As árvores não são derrubadas, a fauna sacrificada ou o meio ambiente poluído porque nossa espécie desconhece os impactos dessa ações sobre a natureza. Não é por falta de conhecimento que o meio ambiente é destruído, mas devido ao atual estágio de desenvolvimento existente nas relações sociais de nossa espécie.

Portanto, é ilusão pretender que a educação ambiental, por si só, seja capaz de enfrentar estes enormes desafios. Antes, enfrentando, de se pensar em educar para o meio ambiente, é preciso investigar que ambiente é esse? Quem são seus agressores? E por quê?

A população tem uma visão muito romântica da ecologia, associando-a mais em defesa do verde e, por extensão, das árvores e animais e como se a espécie humana não fizesse parte da natureza. Logo, por mais que julguem as questões ecológicas importantes, a maioria da população as considera secundárias. É mais importante lutar por moradia, alimento, emprego, escola, bons salários etc. Ecologia é assunto para as classes mais abastadas, que já resolveram esses problemas básicos de infra-estrutura e podem viver em bairros melhores, longe da poluição, em locais arborizados.
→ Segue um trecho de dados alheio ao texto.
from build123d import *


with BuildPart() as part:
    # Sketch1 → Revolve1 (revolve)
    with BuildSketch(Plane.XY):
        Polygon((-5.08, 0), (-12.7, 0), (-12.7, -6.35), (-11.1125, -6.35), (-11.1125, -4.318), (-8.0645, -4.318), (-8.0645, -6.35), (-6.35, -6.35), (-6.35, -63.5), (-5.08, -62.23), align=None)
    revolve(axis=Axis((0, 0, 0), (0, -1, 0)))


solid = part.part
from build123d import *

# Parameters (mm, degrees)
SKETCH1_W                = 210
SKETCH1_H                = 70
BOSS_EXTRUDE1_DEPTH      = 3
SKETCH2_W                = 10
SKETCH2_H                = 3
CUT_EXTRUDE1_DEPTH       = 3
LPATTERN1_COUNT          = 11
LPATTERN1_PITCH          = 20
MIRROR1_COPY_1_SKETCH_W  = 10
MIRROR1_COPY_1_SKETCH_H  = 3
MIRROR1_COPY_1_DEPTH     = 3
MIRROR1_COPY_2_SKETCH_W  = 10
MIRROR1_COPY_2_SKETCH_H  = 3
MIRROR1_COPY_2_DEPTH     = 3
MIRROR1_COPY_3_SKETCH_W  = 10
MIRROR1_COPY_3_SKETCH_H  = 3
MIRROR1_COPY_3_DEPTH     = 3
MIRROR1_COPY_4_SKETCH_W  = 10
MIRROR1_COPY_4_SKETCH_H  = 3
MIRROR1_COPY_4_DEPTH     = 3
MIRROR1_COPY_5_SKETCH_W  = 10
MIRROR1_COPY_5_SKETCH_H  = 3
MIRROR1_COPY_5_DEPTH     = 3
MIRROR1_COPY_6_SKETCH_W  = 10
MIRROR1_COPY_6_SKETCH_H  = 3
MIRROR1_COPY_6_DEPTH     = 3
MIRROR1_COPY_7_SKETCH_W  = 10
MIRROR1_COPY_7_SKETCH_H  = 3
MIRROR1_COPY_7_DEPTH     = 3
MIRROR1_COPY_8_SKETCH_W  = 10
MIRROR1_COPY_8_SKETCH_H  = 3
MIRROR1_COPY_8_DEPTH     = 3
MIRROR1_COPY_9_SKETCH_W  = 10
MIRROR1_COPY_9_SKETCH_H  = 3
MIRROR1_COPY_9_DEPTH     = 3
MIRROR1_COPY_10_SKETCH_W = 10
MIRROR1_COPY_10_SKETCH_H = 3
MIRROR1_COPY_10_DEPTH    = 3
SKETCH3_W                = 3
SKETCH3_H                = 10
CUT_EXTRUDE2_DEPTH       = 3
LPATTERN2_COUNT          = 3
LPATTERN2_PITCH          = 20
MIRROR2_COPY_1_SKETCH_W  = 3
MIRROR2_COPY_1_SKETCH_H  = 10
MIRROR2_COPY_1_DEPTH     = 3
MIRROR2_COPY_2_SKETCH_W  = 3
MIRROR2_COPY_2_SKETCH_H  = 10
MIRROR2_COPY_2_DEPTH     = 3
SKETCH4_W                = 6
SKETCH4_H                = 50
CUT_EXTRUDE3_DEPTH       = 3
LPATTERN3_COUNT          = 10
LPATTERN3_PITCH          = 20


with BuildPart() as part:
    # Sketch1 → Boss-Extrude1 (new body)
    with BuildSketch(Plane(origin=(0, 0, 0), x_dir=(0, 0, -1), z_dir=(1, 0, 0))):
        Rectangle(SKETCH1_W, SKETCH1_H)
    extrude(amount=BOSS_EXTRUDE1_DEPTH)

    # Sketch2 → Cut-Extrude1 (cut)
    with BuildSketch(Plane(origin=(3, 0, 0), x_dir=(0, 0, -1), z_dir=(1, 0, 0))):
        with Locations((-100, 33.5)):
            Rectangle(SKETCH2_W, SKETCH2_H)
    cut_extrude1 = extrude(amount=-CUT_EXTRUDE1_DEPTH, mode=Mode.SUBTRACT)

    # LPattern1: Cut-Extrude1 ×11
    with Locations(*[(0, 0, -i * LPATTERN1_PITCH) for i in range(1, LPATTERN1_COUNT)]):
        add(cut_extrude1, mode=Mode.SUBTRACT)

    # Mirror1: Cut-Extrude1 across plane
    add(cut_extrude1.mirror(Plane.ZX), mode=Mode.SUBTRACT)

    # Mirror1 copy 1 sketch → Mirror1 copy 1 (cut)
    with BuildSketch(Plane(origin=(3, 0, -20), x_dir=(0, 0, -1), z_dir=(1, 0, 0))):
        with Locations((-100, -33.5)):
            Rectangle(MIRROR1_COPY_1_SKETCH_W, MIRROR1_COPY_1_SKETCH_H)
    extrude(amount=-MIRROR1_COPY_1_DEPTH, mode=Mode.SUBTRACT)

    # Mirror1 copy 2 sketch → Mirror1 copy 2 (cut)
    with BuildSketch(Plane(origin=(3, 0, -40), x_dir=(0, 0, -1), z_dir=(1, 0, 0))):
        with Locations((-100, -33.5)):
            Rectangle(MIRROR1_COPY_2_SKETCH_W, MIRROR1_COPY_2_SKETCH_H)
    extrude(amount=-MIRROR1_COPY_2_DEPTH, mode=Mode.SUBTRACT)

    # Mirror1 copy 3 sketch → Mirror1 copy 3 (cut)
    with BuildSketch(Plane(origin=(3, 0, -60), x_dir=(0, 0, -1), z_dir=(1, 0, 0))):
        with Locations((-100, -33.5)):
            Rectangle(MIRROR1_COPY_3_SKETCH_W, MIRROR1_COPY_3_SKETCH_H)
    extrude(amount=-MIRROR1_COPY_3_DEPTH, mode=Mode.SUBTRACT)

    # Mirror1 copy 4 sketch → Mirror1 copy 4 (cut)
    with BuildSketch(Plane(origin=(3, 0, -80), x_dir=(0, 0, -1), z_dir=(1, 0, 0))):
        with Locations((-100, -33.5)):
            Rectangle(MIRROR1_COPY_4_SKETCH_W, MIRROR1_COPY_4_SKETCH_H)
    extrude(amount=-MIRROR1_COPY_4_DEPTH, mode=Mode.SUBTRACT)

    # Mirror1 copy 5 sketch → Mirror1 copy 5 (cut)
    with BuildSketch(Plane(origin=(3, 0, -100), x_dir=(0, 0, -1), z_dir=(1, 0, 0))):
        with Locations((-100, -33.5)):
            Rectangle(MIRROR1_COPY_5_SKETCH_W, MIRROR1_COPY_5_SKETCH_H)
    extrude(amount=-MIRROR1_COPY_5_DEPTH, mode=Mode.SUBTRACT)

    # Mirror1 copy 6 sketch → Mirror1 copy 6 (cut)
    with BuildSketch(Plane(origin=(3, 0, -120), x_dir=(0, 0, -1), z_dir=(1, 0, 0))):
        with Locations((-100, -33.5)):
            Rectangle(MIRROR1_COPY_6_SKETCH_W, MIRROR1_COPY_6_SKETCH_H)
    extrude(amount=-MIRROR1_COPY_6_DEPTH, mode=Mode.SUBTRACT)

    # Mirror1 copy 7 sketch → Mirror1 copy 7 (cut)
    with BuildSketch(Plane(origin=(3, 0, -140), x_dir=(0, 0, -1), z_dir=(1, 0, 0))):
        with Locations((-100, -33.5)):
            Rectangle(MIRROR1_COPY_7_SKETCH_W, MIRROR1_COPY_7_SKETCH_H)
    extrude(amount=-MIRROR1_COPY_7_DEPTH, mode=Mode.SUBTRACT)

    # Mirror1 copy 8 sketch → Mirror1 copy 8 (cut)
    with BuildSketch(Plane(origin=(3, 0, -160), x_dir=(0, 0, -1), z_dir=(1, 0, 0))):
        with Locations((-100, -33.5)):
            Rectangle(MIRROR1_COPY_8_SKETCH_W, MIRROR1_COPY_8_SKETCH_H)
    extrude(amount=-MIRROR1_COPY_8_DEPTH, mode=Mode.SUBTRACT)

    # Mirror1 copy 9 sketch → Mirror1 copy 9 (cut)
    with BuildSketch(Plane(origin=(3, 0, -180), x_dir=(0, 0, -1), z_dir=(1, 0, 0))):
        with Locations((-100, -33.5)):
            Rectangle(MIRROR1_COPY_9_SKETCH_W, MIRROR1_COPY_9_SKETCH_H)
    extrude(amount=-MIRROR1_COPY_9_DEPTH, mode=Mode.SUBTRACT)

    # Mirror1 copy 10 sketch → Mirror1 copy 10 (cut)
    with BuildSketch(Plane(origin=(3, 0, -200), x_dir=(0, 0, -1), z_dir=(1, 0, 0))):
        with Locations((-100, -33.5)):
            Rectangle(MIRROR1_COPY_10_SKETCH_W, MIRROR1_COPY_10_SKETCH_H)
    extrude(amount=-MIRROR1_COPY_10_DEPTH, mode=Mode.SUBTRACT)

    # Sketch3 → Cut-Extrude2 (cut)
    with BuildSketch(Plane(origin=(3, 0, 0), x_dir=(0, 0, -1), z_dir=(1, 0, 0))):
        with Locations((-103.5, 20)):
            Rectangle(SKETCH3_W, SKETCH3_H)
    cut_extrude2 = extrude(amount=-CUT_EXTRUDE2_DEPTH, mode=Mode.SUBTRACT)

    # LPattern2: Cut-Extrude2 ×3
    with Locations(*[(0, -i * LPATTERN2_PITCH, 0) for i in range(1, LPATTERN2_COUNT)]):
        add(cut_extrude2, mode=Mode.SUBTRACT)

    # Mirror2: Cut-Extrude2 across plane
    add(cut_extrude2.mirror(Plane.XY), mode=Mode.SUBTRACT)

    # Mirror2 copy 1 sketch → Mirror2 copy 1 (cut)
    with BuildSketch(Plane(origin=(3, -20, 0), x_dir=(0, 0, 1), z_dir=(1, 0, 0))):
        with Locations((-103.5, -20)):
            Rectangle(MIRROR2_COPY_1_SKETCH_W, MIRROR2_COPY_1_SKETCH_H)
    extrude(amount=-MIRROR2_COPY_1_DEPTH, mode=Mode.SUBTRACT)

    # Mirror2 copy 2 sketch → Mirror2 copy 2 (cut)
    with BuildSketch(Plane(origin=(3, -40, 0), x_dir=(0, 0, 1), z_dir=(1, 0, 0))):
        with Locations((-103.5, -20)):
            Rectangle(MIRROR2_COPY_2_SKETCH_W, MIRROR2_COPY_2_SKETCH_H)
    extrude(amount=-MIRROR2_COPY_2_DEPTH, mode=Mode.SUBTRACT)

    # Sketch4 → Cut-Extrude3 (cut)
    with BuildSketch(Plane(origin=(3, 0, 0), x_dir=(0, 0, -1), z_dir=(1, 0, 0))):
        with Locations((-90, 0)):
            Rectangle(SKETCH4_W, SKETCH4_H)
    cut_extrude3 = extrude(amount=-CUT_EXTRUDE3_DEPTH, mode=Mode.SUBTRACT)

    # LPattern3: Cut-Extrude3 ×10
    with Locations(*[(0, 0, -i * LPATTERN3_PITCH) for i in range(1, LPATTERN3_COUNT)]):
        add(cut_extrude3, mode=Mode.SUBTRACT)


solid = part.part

Os ecologistas pouco contribuíram para modificar essa imagem e – na maioria dos casos – ajudaram até a reforçar essa visão romântica e alienada.. Dedicaram-se muito mais à defesa de animais e plantas que aos problemas da espécies humana. Com isso, embora sem má fé, ajudaram a associar ecologia ao meio ambiente natural, onde vivem as plantas e os animais, deixando de fora o meio ambiente urbano/rural, onde vivem os seres humanos. Sabemos no entanto, que ambos os ambientes vivem interrelacionados, logo, as lutas por melhores condições de vida travadas por sindicatos, associações de moradores e outras entidades da sociedade civil, por exemplo, são também lutas pelo ambiente, no caso, ambiente humano. A partir disso, é possível contribuir para ampliar a visão de ecologia, principalmente das populações de baixa renda, que são quem efetivamente detém o poder de transformação da realidade, uma vez que os beneficiados com a poluição ou a exploração dos recursos naturais são irão abrir assim tão facilmente de seus privilégios.

Outra questão que os educadores ambientais precisam resolver para realizarem planejamento de ensino é definir os principais responsáveis pela destruição do ambiente. É comum acusar-se a falta de conhecimento ambiental, o progresso ou a tecnologia, entre outros fatores, como os inimigos da natureza. Isso seria verdadeiro se pessoas como conhecimento ambiental não destruíssem a natureza. Infelizmente, não é o que se vê. Os caçadores, por exemplo, possuem muito mais conhecimentos sobre ecologia, natureza e a vida silvestre que muitos ecologistas, mas usam esses conhecimentos para destruir e matar.

Com relação ao progresso é a mesma coisa. Na década de 70, governos internacionais preocupados com a rápida destruição dos recursos naturais e a poluição do plante, defenderam a tese do crescimento zero, ou seja, congelar os níveis de progresso à época. Ora, por diversas vezes durante nossa história econômica, o Brasil teve crescimento abaixo de zero, portanto negativo, e nem por isso viu diminuindo seus problemas ambientais, muito pelo contrário. Devido à crise econômica, as empresas investiram menos em controle de poluição.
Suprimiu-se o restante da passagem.